[Collected data]
■ ■ ■

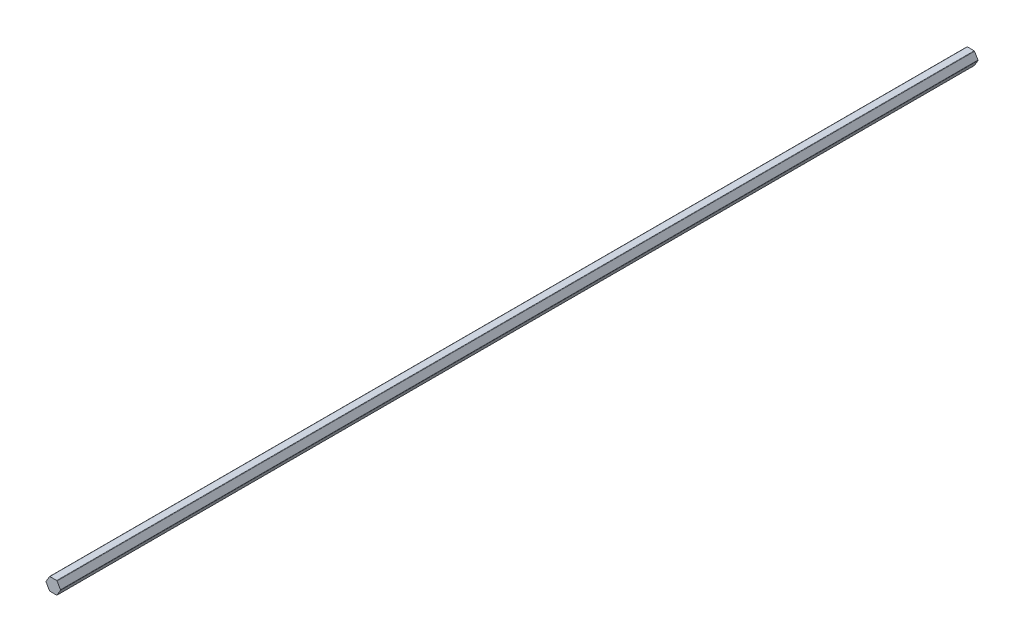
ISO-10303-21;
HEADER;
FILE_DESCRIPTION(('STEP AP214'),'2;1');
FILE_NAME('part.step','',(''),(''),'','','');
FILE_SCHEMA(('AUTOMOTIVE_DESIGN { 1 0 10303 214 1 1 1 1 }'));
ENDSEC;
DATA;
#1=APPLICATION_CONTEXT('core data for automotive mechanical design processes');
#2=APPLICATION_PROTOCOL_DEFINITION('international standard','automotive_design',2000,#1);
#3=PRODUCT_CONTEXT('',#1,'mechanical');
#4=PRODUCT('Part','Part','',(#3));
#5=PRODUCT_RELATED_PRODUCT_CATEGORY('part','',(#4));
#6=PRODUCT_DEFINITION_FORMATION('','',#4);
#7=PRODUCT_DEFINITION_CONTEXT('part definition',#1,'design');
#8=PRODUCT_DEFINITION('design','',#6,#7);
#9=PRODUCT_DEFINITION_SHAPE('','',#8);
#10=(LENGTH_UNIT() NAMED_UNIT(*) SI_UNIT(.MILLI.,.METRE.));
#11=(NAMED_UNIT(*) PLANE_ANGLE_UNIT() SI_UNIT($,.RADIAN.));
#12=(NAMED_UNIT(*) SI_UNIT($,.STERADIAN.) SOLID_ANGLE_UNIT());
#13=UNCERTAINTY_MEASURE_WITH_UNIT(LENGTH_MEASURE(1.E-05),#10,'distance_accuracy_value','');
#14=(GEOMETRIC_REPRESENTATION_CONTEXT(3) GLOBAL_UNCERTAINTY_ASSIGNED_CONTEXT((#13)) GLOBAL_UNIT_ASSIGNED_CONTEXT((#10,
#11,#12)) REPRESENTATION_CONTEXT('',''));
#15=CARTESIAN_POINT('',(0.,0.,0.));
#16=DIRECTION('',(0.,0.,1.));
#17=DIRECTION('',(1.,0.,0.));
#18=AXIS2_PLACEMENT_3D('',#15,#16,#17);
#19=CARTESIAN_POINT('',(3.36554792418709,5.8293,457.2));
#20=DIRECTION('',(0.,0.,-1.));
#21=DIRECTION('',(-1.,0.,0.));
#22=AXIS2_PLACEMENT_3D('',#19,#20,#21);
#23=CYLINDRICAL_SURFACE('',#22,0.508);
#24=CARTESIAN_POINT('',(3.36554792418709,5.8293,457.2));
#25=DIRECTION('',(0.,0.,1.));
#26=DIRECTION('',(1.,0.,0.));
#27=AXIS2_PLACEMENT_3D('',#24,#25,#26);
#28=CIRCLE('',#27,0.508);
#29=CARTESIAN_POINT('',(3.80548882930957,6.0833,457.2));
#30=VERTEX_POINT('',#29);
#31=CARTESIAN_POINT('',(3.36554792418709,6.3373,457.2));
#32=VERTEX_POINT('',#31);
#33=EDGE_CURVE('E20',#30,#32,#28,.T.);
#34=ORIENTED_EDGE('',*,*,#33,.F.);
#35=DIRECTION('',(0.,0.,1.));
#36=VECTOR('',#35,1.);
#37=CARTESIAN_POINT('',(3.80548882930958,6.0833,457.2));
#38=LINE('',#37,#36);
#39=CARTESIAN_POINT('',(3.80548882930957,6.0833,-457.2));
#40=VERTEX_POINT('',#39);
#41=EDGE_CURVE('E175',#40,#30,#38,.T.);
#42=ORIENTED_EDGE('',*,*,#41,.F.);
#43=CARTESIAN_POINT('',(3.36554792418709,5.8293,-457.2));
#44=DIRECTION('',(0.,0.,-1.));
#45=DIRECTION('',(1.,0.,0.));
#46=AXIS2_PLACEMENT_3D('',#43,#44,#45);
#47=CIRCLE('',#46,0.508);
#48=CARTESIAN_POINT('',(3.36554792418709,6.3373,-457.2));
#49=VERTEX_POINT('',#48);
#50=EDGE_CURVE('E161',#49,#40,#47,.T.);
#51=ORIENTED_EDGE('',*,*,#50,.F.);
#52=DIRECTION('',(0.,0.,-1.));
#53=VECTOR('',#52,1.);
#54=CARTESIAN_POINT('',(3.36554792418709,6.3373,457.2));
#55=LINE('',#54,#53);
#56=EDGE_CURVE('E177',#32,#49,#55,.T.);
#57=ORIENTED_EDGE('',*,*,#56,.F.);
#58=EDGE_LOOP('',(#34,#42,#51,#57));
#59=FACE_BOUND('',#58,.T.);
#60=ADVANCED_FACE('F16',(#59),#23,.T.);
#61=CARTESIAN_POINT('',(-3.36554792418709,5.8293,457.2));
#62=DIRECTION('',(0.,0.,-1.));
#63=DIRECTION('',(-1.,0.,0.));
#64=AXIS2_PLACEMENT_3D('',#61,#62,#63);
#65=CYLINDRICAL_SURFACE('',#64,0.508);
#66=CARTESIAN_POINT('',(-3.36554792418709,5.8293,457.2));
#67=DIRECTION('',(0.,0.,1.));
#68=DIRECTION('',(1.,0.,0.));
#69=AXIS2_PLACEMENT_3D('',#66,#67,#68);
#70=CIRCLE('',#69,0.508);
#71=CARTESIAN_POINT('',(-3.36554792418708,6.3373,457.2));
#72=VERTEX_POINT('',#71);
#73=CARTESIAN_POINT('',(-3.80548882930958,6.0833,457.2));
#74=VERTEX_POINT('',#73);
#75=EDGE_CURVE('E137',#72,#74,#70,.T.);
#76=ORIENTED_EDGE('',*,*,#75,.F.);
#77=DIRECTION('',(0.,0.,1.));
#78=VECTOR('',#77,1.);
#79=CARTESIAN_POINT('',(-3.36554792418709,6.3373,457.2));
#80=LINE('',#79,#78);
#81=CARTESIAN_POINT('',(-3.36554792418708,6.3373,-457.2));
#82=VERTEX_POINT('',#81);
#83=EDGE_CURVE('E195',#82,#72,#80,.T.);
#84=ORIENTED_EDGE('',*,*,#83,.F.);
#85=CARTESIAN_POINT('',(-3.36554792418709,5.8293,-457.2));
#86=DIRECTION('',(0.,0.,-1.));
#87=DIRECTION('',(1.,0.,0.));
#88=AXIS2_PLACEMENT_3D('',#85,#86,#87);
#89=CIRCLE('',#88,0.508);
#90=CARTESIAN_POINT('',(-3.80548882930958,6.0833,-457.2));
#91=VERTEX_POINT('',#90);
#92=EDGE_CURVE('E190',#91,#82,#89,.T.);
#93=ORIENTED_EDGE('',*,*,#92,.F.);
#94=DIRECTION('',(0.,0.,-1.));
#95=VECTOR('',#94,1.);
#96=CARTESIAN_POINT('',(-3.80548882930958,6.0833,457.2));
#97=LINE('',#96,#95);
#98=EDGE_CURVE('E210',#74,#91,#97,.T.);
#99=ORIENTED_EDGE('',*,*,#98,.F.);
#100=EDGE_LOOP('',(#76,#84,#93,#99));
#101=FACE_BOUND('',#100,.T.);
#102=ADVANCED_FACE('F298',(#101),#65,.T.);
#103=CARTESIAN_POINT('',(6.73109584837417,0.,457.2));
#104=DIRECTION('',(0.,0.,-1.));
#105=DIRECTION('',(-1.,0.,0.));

■ ■ ■

§ YOUR GOAL
Exact repetition is the task: every line from the start of the data to the line with "#43=CARTESIAN_POINT('',(3.36554792418709,5.8293,-457.2));", inclusive, and none after it, pictures omitted.

§ REPLY
ISO-10303-21;
HEADER;
FILE_DESCRIPTION(('STEP AP214'),'2;1');
FILE_NAME('part.step','',(''),(''),'','','');
FILE_SCHEMA(('AUTOMOTIVE_DESIGN { 1 0 10303 214 1 1 1 1 }'));
ENDSEC;
DATA;
#1=APPLICATION_CONTEXT('core data for automotive mechanical design processes');
#2=APPLICATION_PROTOCOL_DEFINITION('international standard','automotive_design',2000,#1);
#3=PRODUCT_CONTEXT('',#1,'mechanical');
#4=PRODUCT('Part','Part','',(#3));
#5=PRODUCT_RELATED_PRODUCT_CATEGORY('part','',(#4));
#6=PRODUCT_DEFINITION_FORMATION('','',#4);
#7=PRODUCT_DEFINITION_CONTEXT('part definition',#1,'design');
#8=PRODUCT_DEFINITION('design','',#6,#7);
#9=PRODUCT_DEFINITION_SHAPE('','',#8);
#10=(LENGTH_UNIT() NAMED_UNIT(*) SI_UNIT(.MILLI.,.METRE.));
#11=(NAMED_UNIT(*) PLANE_ANGLE_UNIT() SI_UNIT($,.RADIAN.));
#12=(NAMED_UNIT(*) SI_UNIT($,.STERADIAN.) SOLID_ANGLE_UNIT());
#13=UNCERTAINTY_MEASURE_WITH_UNIT(LENGTH_MEASURE(1.E-05),#10,'distance_accuracy_value','');
#14=(GEOMETRIC_REPRESENTATION_CONTEXT(3) GLOBAL_UNCERTAINTY_ASSIGNED_CONTEXT((#13)) GLOBAL_UNIT_ASSIGNED_CONTEXT((#10,
#11,#12)) REPRESENTATION_CONTEXT('',''));
#15=CARTESIAN_POINT('',(0.,0.,0.));
#16=DIRECTION('',(0.,0.,1.));
#17=DIRECTION('',(1.,0.,0.));
#18=AXIS2_PLACEMENT_3D('',#15,#16,#17);
#19=CARTESIAN_POINT('',(3.36554792418709,5.8293,457.2));
#20=DIRECTION('',(0.,0.,-1.));
#21=DIRECTION('',(-1.,0.,0.));
#22=AXIS2_PLACEMENT_3D('',#19,#20,#21);
#23=CYLINDRICAL_SURFACE('',#22,0.508);
#24=CARTESIAN_POINT('',(3.36554792418709,5.8293,457.2));
#25=DIRECTION('',(0.,0.,1.));
#26=DIRECTION('',(1.,0.,0.));
#27=AXIS2_PLACEMENT_3D('',#24,#25,#26);
#28=CIRCLE('',#27,0.508);
#29=CARTESIAN_POINT('',(3.80548882930957,6.0833,457.2));
#30=VERTEX_POINT('',#29);
#31=CARTESIAN_POINT('',(3.36554792418709,6.3373,457.2));
#32=VERTEX_POINT('',#31);
#33=EDGE_CURVE('E20',#30,#32,#28,.T.);
#34=ORIENTED_EDGE('',*,*,#33,.F.);
#35=DIRECTION('',(0.,0.,1.));
#36=VECTOR('',#35,1.);
#37=CARTESIAN_POINT('',(3.80548882930958,6.0833,457.2));
#38=LINE('',#37,#36);
#39=CARTESIAN_POINT('',(3.80548882930957,6.0833,-457.2));
#40=VERTEX_POINT('',#39);
#41=EDGE_CURVE('E175',#40,#30,#38,.T.);
#42=ORIENTED_EDGE('',*,*,#41,.F.);
#43=CARTESIAN_POINT('',(3.36554792418709,5.8293,-457.2));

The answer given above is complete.